In the above-described embodiment, an example in which four input ports and four output ports are provided has been described as an example, and mainly the case of one input and two inputs has been described. With output ports, one input and two
The same applies to the case where an input other than the input is performed.
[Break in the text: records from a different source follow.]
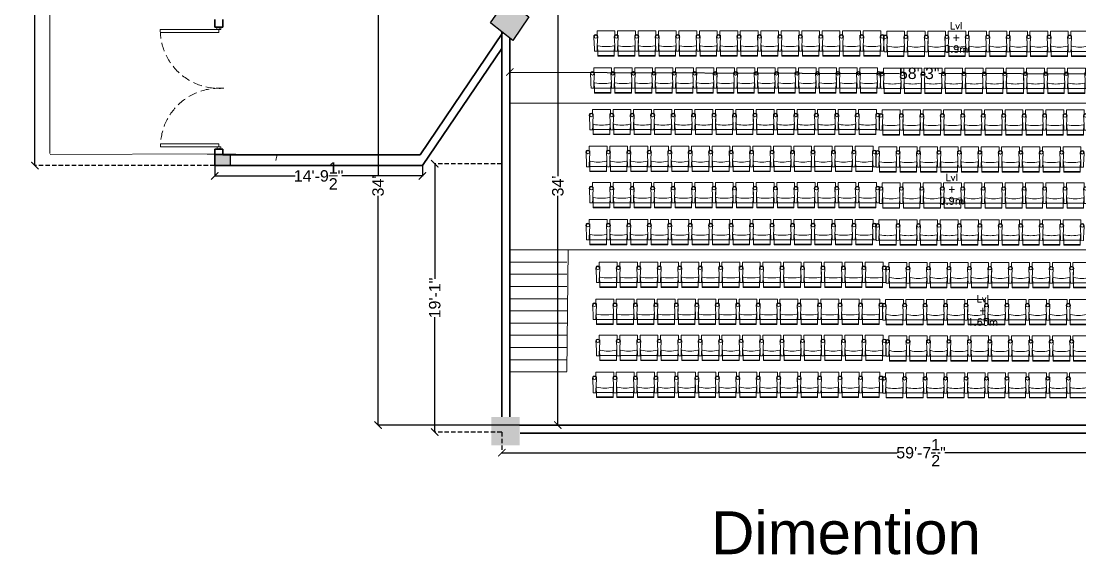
# Model space of a CAD drawing. Header units: inches. Extents: x 845 to 17085, y 908 to 10810.
# Drawn here: x 1953 to 2857, y 2716 to 3171 of the extents above; entities that cross this region are included whole.
import ezdxf

# ---------------------------------------------------------------- set-up
doc = ezdxf.new("R2010")
doc.units = ezdxf.units.IN
doc.header["$LTSCALE"] = 15
doc.header["$MEASUREMENT"] = 0
for name, pattern in [('ACAD_ISO04W100', [30.5, 24, -3, 0.5, -3]), ('DASHED', [0.75, 0.5, -0.25]), ('DASHED2', [0.375, 0.25, -0.125])]:
    doc.linetypes.add(name, pattern=pattern)
for name, color, linetype, lineweight in [('c1', 21, 'Continuous', 30), ('FURN', 43, 'Continuous', 18), ('FURN 2', 34, 'Continuous', 15), ('GR.furniture', 82, 'Continuous', 15), ('GRID', 8, 'ACAD_ISO04W100', 5), ('HATCH', 251, 'Continuous', 5), ('humans', 7, 'Continuous', 15), ('SLD', 140, 'Continuous', 9), ('wall 1', 1, 'Continuous', 35), ('WIND & DOOR', 160, 'Continuous', 9)]:
    doc.layers.add(name, color=color, linetype=linetype, lineweight=lineweight)
doc.layers.add('door and window', color=7, linetype='Continuous', lineweight=25, true_color=0x0609c1)
doc.layers.add('Text', color=255, linetype='Continuous')
doc.styles.add('ROMANS', font='ROMANS')
doc.styles.get("Standard").update_dxf_attribs({"font": 'arial.ttf'})
doc.dimstyles.get("Standard").update_dxf_attribs({"dimtxt": 9.75, "dimasz": 6.25, "dimexe": 0.18, "dimexo": 0.0625, "dimgap": 0.09, "dimtad": 0, "dimdec": 1, "dimzin": 0, "dimdsep": 46, "dimlunit": 4, "dimtxsty": 'Standard', "dimblk": 'ARCHTICK', "dimcen": 0.09, "dimadec": 0, "dimazin": 0, "dimtfac": 1, "dimtdec": 1, "dimtofl": 0, "dimtmove": 0, "dimatfit": 3, "dimldrblk": 'ARCHTICK', "dimfxl": 1, "dimtolj": 1, "dimtzin": 0, "dimlwd": 25, "dimarcsym": 0})

# ---------------------------------------------------------------- blocks, each defined once
blk = doc.blocks.new('_ArchTick')
at = {"layer": 'GRID', "color": 0, "const_width": 0.15}
blk.add_lwpolyline([(-0.5, -0.5), (0.5, 0.5)], dxfattribs=at)
blk = doc.blocks.new('*D117')
at = {"layer": 'Defpoints', "color": 0, "linetype": 'ByBlock', "lineweight": 30, "transparency": 16777216}
for p in [(2118.63, 3047.89), (2295.94, 3047.89), (2295.94, 3039.09)]:
    blk.add_point(p, dxfattribs=at)
at = {"layer": 'humans', "color": 0, "linetype": 'ByBlock', "lineweight": -2, "transparency": 16777216}
for p, q in [((2118.63, 3047.83), (2118.63, 3038.91)), ((2295.94, 3047.83), (2295.94, 3038.91))]:
    blk.add_line(p, q, dxfattribs=at)
at = {"layer": 'humans', "color": 0, "linetype": 'Continuous', "lineweight": 25, "transparency": 16777216}
for p, q in [((2118.63, 3039.09), (2187.35, 3039.09)), ((2295.94, 3039.09), (2227.22, 3039.09))]:
    blk.add_line(p, q, dxfattribs=at)
at = {"layer": 'humans', "color": 0, "linetype": 'ByBlock', "lineweight": 25, "transparency": 16777216, "xscale": 6.25, "yscale": 6.25, "zscale": 6.25, "rotation": 180}
blk.add_blockref('_ArchTick', (2118.63, 3039.09), dxfattribs=at)
at = {"layer": 'humans', "color": 0, "linetype": 'ByBlock', "lineweight": 25, "transparency": 16777216, "xscale": 6.25, "yscale": 6.25, "zscale": 6.25}
blk.add_blockref('_ArchTick', (2295.94, 3039.09), dxfattribs=at)
at = {"layer": 'humans', "color": 0, "linetype": 'ByBlock', "transparency": 16777216, "insert": (2207.28, 3039.09), "char_height": 9.75, "attachment_point": 5}
blk.add_mtext('\\A1;14\'-9{\\H1x;\\S1/2;}"', dxfattribs=at)
blk = doc.blocks.new('S-Moviemax Compact 700-40-56 Standard Fija')
at = {"color": 0}
for p, q in [((98.1, 23), (98.2, 17.3)), ((98.9, 24), (100.2, 24)), ((112.9, 16.2), (112.9, 15.4)), ((154, 16.6), (142.4, 16.6)), ((154, -32.1), (154, 16.6)), ((98.1, -32.9), (98.2, -38.6)), ((98.9, -31.9), (100.2, -31.9)), ((112.9, -30.9), (112.9, -31.6)), ((142.4, -32.1), (154, -32.1))]:
    blk.add_line(p, q, dxfattribs=at)
blk.add_lwpolyline([(85, 14.8), (85, -30.3), (86.5, -30.3), (86.6, 14.8), (85, 14.8)], dxfattribs=at)
for points in [[(86.6, 14.8), (97.3, 14.8, -0.414214), (98.6, 13.5), (98.6, -29, -0.414214), (97.3, -30.3), (86.5, -30.3), (86.6, 14.8)], [(96.1, 14.8), (112, 15.4, -0.474715), (113.3, 13.9, 0.115865), (113.3, -29.5, -0.474715), (112, -31), (96.1, -30.3)]]:
    blk.add_lwpolyline(points, format="xyb", dxfattribs=at)
for centre in [(138.2, 20.2), (138.2, -35.6)]:
    blk.add_circle(centre, 4.27, dxfattribs=at)
for centre, radius, start, end in [((99.1, 23.1), 0.935, 98.4384, 171.5616), ((99.1, 17.5), 0.967, 189.1739, 270.6243), ((94.8, -516.4), 532.9, 86.0169, 89.5405), ((97.5, 523.7), 499.7, 270.3187, 273.9742), ((99.6, -379), 395.5, 84.4595, 85.3276), ((125.5, 124.5), 99.5, 273.7724, 277.0352), ((138.2, 20.2), 5.54, 266.5056, 94.548), ((99.1, -32.8), 0.935, 98.4384, 171.5616), ((99.1, -38.4), 0.967, 189.1739, 270.6243), ((94.8, -572.2), 532.9, 86.0169, 89.5405), ((97.5, 467.8), 499.7, 270.3187, 273.9742), ((99.6, -434.9), 395.5, 84.4595, 85.3276), ((125.5, 68.6), 99.5, 273.7724, 277.0352), ((138.2, -35.7), 5.54, 266.5056, 94.548)]:
    blk.add_arc(centre, radius, start, end, dxfattribs=at)
blk = doc.blocks.new('*D141')
at = {"layer": 'Defpoints', "color": 0, "linetype": 'ByBlock', "lineweight": 30, "transparency": 16777216}
for p in [(2383.52, 3234.38), (2383.52, 2826.49), (2411.52, 2826.49)]:
    blk.add_point(p, dxfattribs=at)
at = {"layer": 'humans', "color": 0, "linetype": 'ByBlock', "lineweight": -2, "transparency": 16777216}
for p, q in [((2383.58, 3234.38), (2411.7, 3234.38)), ((2383.58, 2826.49), (2411.7, 2826.49))]:
    blk.add_line(p, q, dxfattribs=at)
at = {"layer": 'humans', "color": 0, "linetype": 'Continuous', "lineweight": 25, "transparency": 16777216}
for p, q in [((2411.52, 3234.38), (2411.52, 3038.79)), ((2411.52, 2826.49), (2411.52, 3022.07))]:
    blk.add_line(p, q, dxfattribs=at)
at = {"layer": 'humans', "color": 0, "linetype": 'ByBlock', "lineweight": 25, "transparency": 16777216, "xscale": 6.25, "yscale": 6.25, "zscale": 6.25}
for p, rotation in [((2411.52, 3234.38), 90), ((2411.52, 2826.49), 270)]:
    blk.add_blockref('_ArchTick', p, dxfattribs=dict(at, rotation=rotation))
at = {"layer": 'humans', "color": 0, "linetype": 'ByBlock', "transparency": 16777216, "insert": (2411.52, 3030.43), "char_height": 9.75, "attachment_point": 5, "rotation": 90}
blk.add_mtext("\\A1;34'", dxfattribs=at)
blk = doc.blocks.new('*D142')
at = {"layer": 'Defpoints', "color": 0, "linetype": 'ByBlock', "lineweight": 30, "transparency": 16777216}
for p in [(2258.07, 3234.38), (2397.64, 3234.38), (2397.64, 2826.49)]:
    blk.add_point(p, dxfattribs=at)
at = {"layer": 'humans', "color": 0, "linetype": 'ByBlock', "lineweight": -2, "transparency": 16777216}
for p, q in [((2397.58, 3234.38), (2257.89, 3234.38)), ((2397.58, 2826.49), (2257.89, 2826.49))]:
    blk.add_line(p, q, dxfattribs=at)
at = {"layer": 'humans', "color": 0, "linetype": 'Continuous', "lineweight": 25, "transparency": 16777216}
for p, q in [((2258.07, 3234.38), (2258.07, 3038.79)), ((2258.07, 2826.49), (2258.07, 3022.07))]:
    blk.add_line(p, q, dxfattribs=at)
at = {"layer": 'humans', "color": 0, "linetype": 'ByBlock', "lineweight": 25, "transparency": 16777216, "xscale": 6.25, "yscale": 6.25, "zscale": 6.25}
for p, rotation in [((2258.07, 3234.38), 90), ((2258.07, 2826.49), 270)]:
    blk.add_blockref('_ArchTick', p, dxfattribs=dict(at, rotation=rotation))
at = {"layer": 'humans', "color": 0, "linetype": 'ByBlock', "transparency": 16777216, "insert": (2258.07, 3030.43), "char_height": 9.75, "attachment_point": 5, "rotation": 90}
blk.add_mtext("\\A1;34'", dxfattribs=at)
blk = doc.blocks.new('*D143')
at = {"layer": 'Defpoints', "color": 0, "linetype": 'ByBlock', "lineweight": 30, "transparency": 16777216}
for p in [(2370.59, 3156.68), (3069.36, 3154.28), (3069.26, 3125.31)]:
    blk.add_point(p, dxfattribs=at)
at = {"layer": 'humans', "color": 0, "linetype": 'ByBlock', "lineweight": -2, "transparency": 16777216}
for p, q in [((2370.59, 3156.62), (2370.49, 3127.53)), ((3069.36, 3154.22), (3069.26, 3125.13))]:
    blk.add_line(p, q, dxfattribs=at)
at = {"layer": 'humans', "color": 0, "linetype": 'Continuous', "lineweight": 25, "transparency": 16777216}
for p, q in [((2370.49, 3127.71), (2703.04, 3126.57)), ((3069.26, 3125.31), (2736.71, 3126.46))]:
    blk.add_line(p, q, dxfattribs=at)
at = {"layer": 'humans', "color": 0, "linetype": 'ByBlock', "lineweight": 25, "transparency": 16777216, "xscale": 6.25, "yscale": 6.25, "zscale": 6.25}
for p, rotation in [((2370.49, 3127.71), 179.8032064366089), ((3069.26, 3125.31), 359.8032064366089)]:
    blk.add_blockref('_ArchTick', p, dxfattribs=dict(at, rotation=rotation))
at = {"layer": 'humans', "color": 0, "linetype": 'ByBlock', "transparency": 16777216, "insert": (2719.88, 3126.51), "char_height": 9.75, "attachment_point": 5, "rotation": 359.80321}
blk.add_mtext('\\A1;58\'-3"', dxfattribs=at)
blk = doc.blocks.new('*D188')
at = {"layer": 'Defpoints', "color": 0, "linetype": 'DASHED2', "lineweight": 30, "transparency": 16777216}
for p in [(1965.17, 3891.44), (2118.63, 3891.44), (2118.63, 3047.89)]:
    blk.add_point(p, dxfattribs=at)
at = {"layer": 'SLD', "color": 0, "linetype": 'DASHED2', "lineweight": -2, "transparency": 16777216}
for p, q in [((2118.57, 3891.44), (1964.99, 3891.44)), ((2118.57, 3047.89), (1964.99, 3047.89))]:
    blk.add_line(p, q, dxfattribs=at)
at = {"layer": 'SLD', "color": 0, "linetype": 'Continuous', "lineweight": 25, "transparency": 16777216}
for p, q in [((1965.17, 3891.44), (1965.17, 3490.02)), ((1965.17, 3047.89), (1965.17, 3449.31))]:
    blk.add_line(p, q, dxfattribs=at)
at = {"layer": 'SLD', "color": 0, "linetype": 'DASHED2', "lineweight": 25, "transparency": 16777216, "xscale": 6.25, "yscale": 6.25, "zscale": 6.25}
for p, rotation in [((1965.17, 3891.44), 90), ((1965.17, 3047.89), 270)]:
    blk.add_blockref('_ArchTick', p, dxfattribs=dict(at, rotation=rotation))
at = {"layer": 'SLD', "color": 0, "linetype": 'DASHED2', "lineweight": 30, "transparency": 16777216, "insert": (1965.17, 3469.66), "char_height": 9.75, "attachment_point": 5, "rotation": 90}
blk.add_mtext('\\A1;70\'-3{\\H1x;\\S1/2;}"', dxfattribs=at)
blk = doc.blocks.new('*D189')
at = {"layer": 'Defpoints', "color": 0, "linetype": 'DASHED2', "lineweight": 30, "transparency": 16777216}
for p in [(2363.66, 3049.35), (2306.46, 2820.47), (2363.66, 2820.47)]:
    blk.add_point(p, dxfattribs=at)
at = {"layer": 'SLD', "color": 0, "linetype": 'DASHED2', "lineweight": -2, "transparency": 16777216}
for p, q in [((2363.59, 3049.35), (2306.28, 3049.35)), ((2363.59, 2820.47), (2306.28, 2820.47))]:
    blk.add_line(p, q, dxfattribs=at)
at = {"layer": 'SLD', "color": 0, "linetype": 'Continuous', "lineweight": 25, "transparency": 16777216}
for p, q in [((2306.46, 3049.35), (2306.46, 2951.29)), ((2306.46, 2820.47), (2306.46, 2918.53))]:
    blk.add_line(p, q, dxfattribs=at)
at = {"layer": 'SLD', "color": 0, "linetype": 'DASHED2', "lineweight": 25, "transparency": 16777216, "xscale": 6.25, "yscale": 6.25, "zscale": 6.25}
for p, rotation in [((2306.46, 3049.35), 90), ((2306.46, 2820.47), 270)]:
    blk.add_blockref('_ArchTick', p, dxfattribs=dict(at, rotation=rotation))
at = {"layer": 'SLD', "color": 0, "linetype": 'DASHED2', "lineweight": 30, "transparency": 16777216, "insert": (2306.46, 2934.91), "char_height": 9.75, "attachment_point": 5, "rotation": 90}
blk.add_mtext('\\A1;19\'-1"', dxfattribs=at)
blk = doc.blocks.new('*D190')
at = {"layer": 'Defpoints', "color": 0, "linetype": 'DASHED2', "lineweight": 30, "transparency": 16777216}
for p in [(2363.66, 2820.47), (3079.24, 2820.47), (3079.24, 2802.96)]:
    blk.add_point(p, dxfattribs=at)
at = {"layer": 'SLD', "color": 0, "linetype": 'DASHED2', "lineweight": -2, "transparency": 16777216}
for p, q in [((2363.66, 2820.4), (2363.66, 2802.78)), ((3079.24, 2820.4), (3079.24, 2802.78))]:
    blk.add_line(p, q, dxfattribs=at)
at = {"layer": 'SLD', "color": 0, "linetype": 'Continuous', "lineweight": 25, "transparency": 16777216}
for p, q in [((2363.66, 2802.96), (2701.06, 2802.96)), ((3079.24, 2802.96), (2741.84, 2802.96))]:
    blk.add_line(p, q, dxfattribs=at)
at = {"layer": 'SLD', "color": 0, "linetype": 'DASHED2', "lineweight": 25, "transparency": 16777216, "xscale": 6.25, "yscale": 6.25, "zscale": 6.25, "rotation": 180}
blk.add_blockref('_ArchTick', (2363.66, 2802.96), dxfattribs=at)
at = {"layer": 'SLD', "color": 0, "linetype": 'DASHED2', "lineweight": 25, "transparency": 16777216, "xscale": 6.25, "yscale": 6.25, "zscale": 6.25}
blk.add_blockref('_ArchTick', (3079.24, 2802.96), dxfattribs=at)
at = {"layer": 'SLD', "color": 0, "linetype": 'DASHED2', "lineweight": 30, "transparency": 16777216, "insert": (2721.45, 2802.96), "char_height": 9.75, "attachment_point": 5}
blk.add_mtext('\\A1;59\'-7{\\H1x;\\S1/2;}"', dxfattribs=at)

msp = doc.modelspace()

# ---------------------------------------------------------------- hatches: boundary and pattern name
at = {"layer": 'HATCH'}
h = msp.add_hatch(color=256, dxfattribs=at)
h.dxf.hatch_style = 1
h.paths.add_polyline_path([(2354.08, 3169.6), (2373.12, 3154.71), (2386.72, 3174.7), (2367.66, 3189.61)])
h = msp.add_hatch(color=256, dxfattribs=at)
h.dxf.hatch_style = 1
h.paths.add_polyline_path([(2132.2, 3057.14), (2132.2, 3047.89), (2118.63, 3047.89), (2118.63, 3057.14)])
h = msp.add_hatch(color=256, dxfattribs=at)
h.dxf.hatch_style = 1
h.paths.add_polyline_path([(2354.71, 2823.16), (2378.84, 2823.16), (2378.84, 2809.3), (2354.71, 2809.3)])
h.paths.add_polyline_path([(2354.71, 2833.42), (2378.84, 2833.42), (2378.84, 2823.16), (2354.71, 2823.16)])

# ---------------------------------------------------------------- linework, layer by layer
at = {"layer": 'c1'}
msp.add_lwpolyline([(2386.72, 3174.7), (2373.12, 3154.71), (2354.19, 3169.51), (2354.07, 3169.59), (2367.66, 3189.61), (2386.72, 3174.7)], dxfattribs=at)
msp.add_lwpolyline([(2132.2, 3047.89), (2132.2, 3057.14), (2118.63, 3057.14), (2118.63, 3047.89)], close=True, dxfattribs=at)
at = {"layer": 'door and window', "color": 18, "lineweight": 0, "true_color": 0x000000}
msp.add_lwpolyline([(2123.8, 3165.9), (2120.4, 3165.9), (2120.4, 3163.85), (2123.8, 3163.85)], close=True, dxfattribs=at)
at = {"layer": 'FURN'}
for p, q in [((2370.84, 3101.04), (2419.23, 3101.04)), ((2370.84, 2975.95), (2419.23, 2975.95)), ((2370.84, 2965.54), (2419.23, 2965.54)), ((2370.84, 2955.14), (2419.23, 2955.14)), ((2370.84, 2955.14), (2419.23, 2955.14)), ((2370.84, 2944.74), (2419.23, 2944.74)), ((2370.84, 2934.33), (2419.23, 2934.33)), ((2370.84, 2923.93), (2419.23, 2923.93)), ((2370.84, 2923.93), (2419.23, 2923.93)), ((2370.84, 2913.53), (2419.23, 2913.53)), ((2370.84, 2903.12), (2419.23, 2903.12)), ((2370.84, 2892.72), (2419.23, 2892.72)), ((2370.84, 2892.72), (2419.23, 2892.72)), ((2370.84, 2882.31), (2419.23, 2882.31)), ((2370.84, 2871.91), (2419.23, 2871.91))]:
    msp.add_line(p, q, dxfattribs=at)
at = {"layer": 'FURN 2'}
msp.add_line((2112.19, 3057.67, -3.95), (2136.74, 3057.66, -3.95), dxfattribs=at)
at = {"layer": 'GR.furniture', "ltscale": 2}
for p, q in [((2121.78, 3165.9), (2122.78, 3164.92)), ((2121.78, 3061.86), (2122.78, 3062.82))]:
    msp.add_line(p, q, dxfattribs=at)
at = {"layer": 'humans', "linetype": 'ByBlock'}
for p, q in [((1977.8, 3398.79), (1977.8, 3058.23)), ((2122.1, 3163.85), (2122.1, 3161.35)), ((2370.59, 3101.03), (3022.25, 3101.07)), ((1978.18, 3057.42), (2118.56, 3057.93)), ((2370.58, 2975.95), (3022.25, 2975.99)), ((2420.34, 2975.95), (2419.23, 2872.12))]:
    msp.add_line(p, q, dxfattribs=at)
msp.add_arc((2122.3, 3063.93), 49.96, 346.58625, 352.18728, dxfattribs=at)
at = {"layer": 'wall 1', "ltscale": 1.5}
for p, q in [((2118.63, 3172.4), (2118.63, 3165.9)), ((2125.57, 3172.4), (2125.57, 3165.9)), ((2125.57, 3165.9), (2118.63, 3165.9)), ((2293.9, 3057.14), (2364.64, 3161.34)), ((2363.66, 3162.11), (2363.66, 2833.54)), ((2370.59, 3156.68), (2370.57, 2833.57)), ((2295.94, 3047.89), (2363.66, 3147.64)), ((2118.63, 3057.14), (2118.63, 3061.88)), ((2118.63, 3061.88), (2125.57, 3061.88)), ((2125.57, 3057.14), (2125.57, 3061.88)), ((2125.57, 3057.14), (2293.9, 3057.14)), ((3062.97, 2826.49), (2378.68, 2826.49)), ((3063.5, 2819.55), (2379.24, 2819.55))]:
    msp.add_line(p, q, dxfattribs=at)
msp.add_lwpolyline([(2295.94, 3047.89), (2118.63, 3047.89), (2118.63, 3061.88)], dxfattribs=at)
at = {"layer": 'WIND & DOOR', "color": 18, "linetype": 'ByBlock', "true_color": 0x000000}
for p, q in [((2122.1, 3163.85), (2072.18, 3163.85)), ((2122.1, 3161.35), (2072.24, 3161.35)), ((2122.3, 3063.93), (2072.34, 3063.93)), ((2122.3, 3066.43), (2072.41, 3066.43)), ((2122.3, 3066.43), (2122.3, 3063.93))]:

Further, the same configuration as the 2 × 2 optical switch 3 is applied as the shutdown optical switch 5 for suppressing the crosstalk, but an optical gate switch with one input and one output, an optical modulator, or the like may be applied. .

Further, the control of the shutdown optical switch 5 may be performed based on the input state of the optical signal to the waveguide type optical matrix switch 1 and the connection information of the 2 × 2 optical switch 3. Further, the optical output intensity from the waveguide type optical matrix switch 1 is monitored, and when the optical output is below a certain level, the shutdown optical switch 5 is set to the cross state (heater OFF).
May be controlled.

As the shutdown optical switch 5, the same configuration as the 2 × 2 optical switch 3 is connected in one stage. However, in order to further suppress the crosstalk, the same configuration as the 2 × 2 switch 3 is used. May be connected in multiple stages.

[0037]

As described above, the waveguide type optical matrix switch of the present invention has the following effects.
That is, by providing an optical switch in front of each output port that allows the optical output to pass only when the optical output is output, it is possible to suppress output of crosstalk from an output port that does not want to output an optical signal. Become like This makes it possible to greatly improve the switching characteristics of the waveguide type optical matrix switch.

The optical switch provided in front of the output port can be easily controlled by an external control device, for example, a hardware switch or software setting, so that complicated control is not required. Since it can be formed on a substrate like other 2 × 2 optical switches,
It can be easily integrated.

Further, since only one optical switch needs to be added before each output port, it is possible to easily cope with a case where the switch size is increased or decreased.

[Brief description of the drawings]

FIG. 1 is a schematic diagram illustrating an embodiment of the present invention.

FIG. 2 is a schematic diagram (part 1) illustrating an operation example;

FIG. 3 is a schematic diagram (part 2) illustrating an operation example;

FIG. 4 is a schematic diagram illustrating a conventional example.

FIG. 5 is a configuration diagram of a 2 × 2 optical switch.

FIG. 6 is a diagram illustrating the operation of a 2 × 2 optical switch.

FIG. 7 is a schematic diagram illustrating an operation of a conventional example.

[Explanation of symbols]

 REFERENCE SIGNS LIST 1 waveguide type optical matrix switch 2 substrate 3 2 × 2 optical switch 4 dummy unit 5 optical switch for shutdown

 ──────────────────────────────────────────────────続 き Continuing on the front page (72) Inventor Masayasu Yamaguchi 3-19-2 Nishi-Shinjuku, Shinjuku-ku, Tokyo Japan Telegraph and Telephone Corporation (72) Inventor Akira Himeno 3-192, Nishi-Shinjuku, Shinjuku-ku, Tokyo No. Nippon Telegraph and Telephone Corporation (72) Inventor Toshimi Kominato 3-19-2 Nishi Shinjuku, Shinjuku-ku, Tokyo

Claims (1)

[Claims] 1. A waveguide type optical matrix comprising an optical switch unit in which a plurality of 2 × 2 optical switches are arranged in a matrix and outputting an optical signal input from an input port of the optical switch unit to a predetermined output port. A waveguide type optical matrix switch, comprising a switch in front of the output port, the optical switch allowing the optical signal to pass only when the optical signal is output.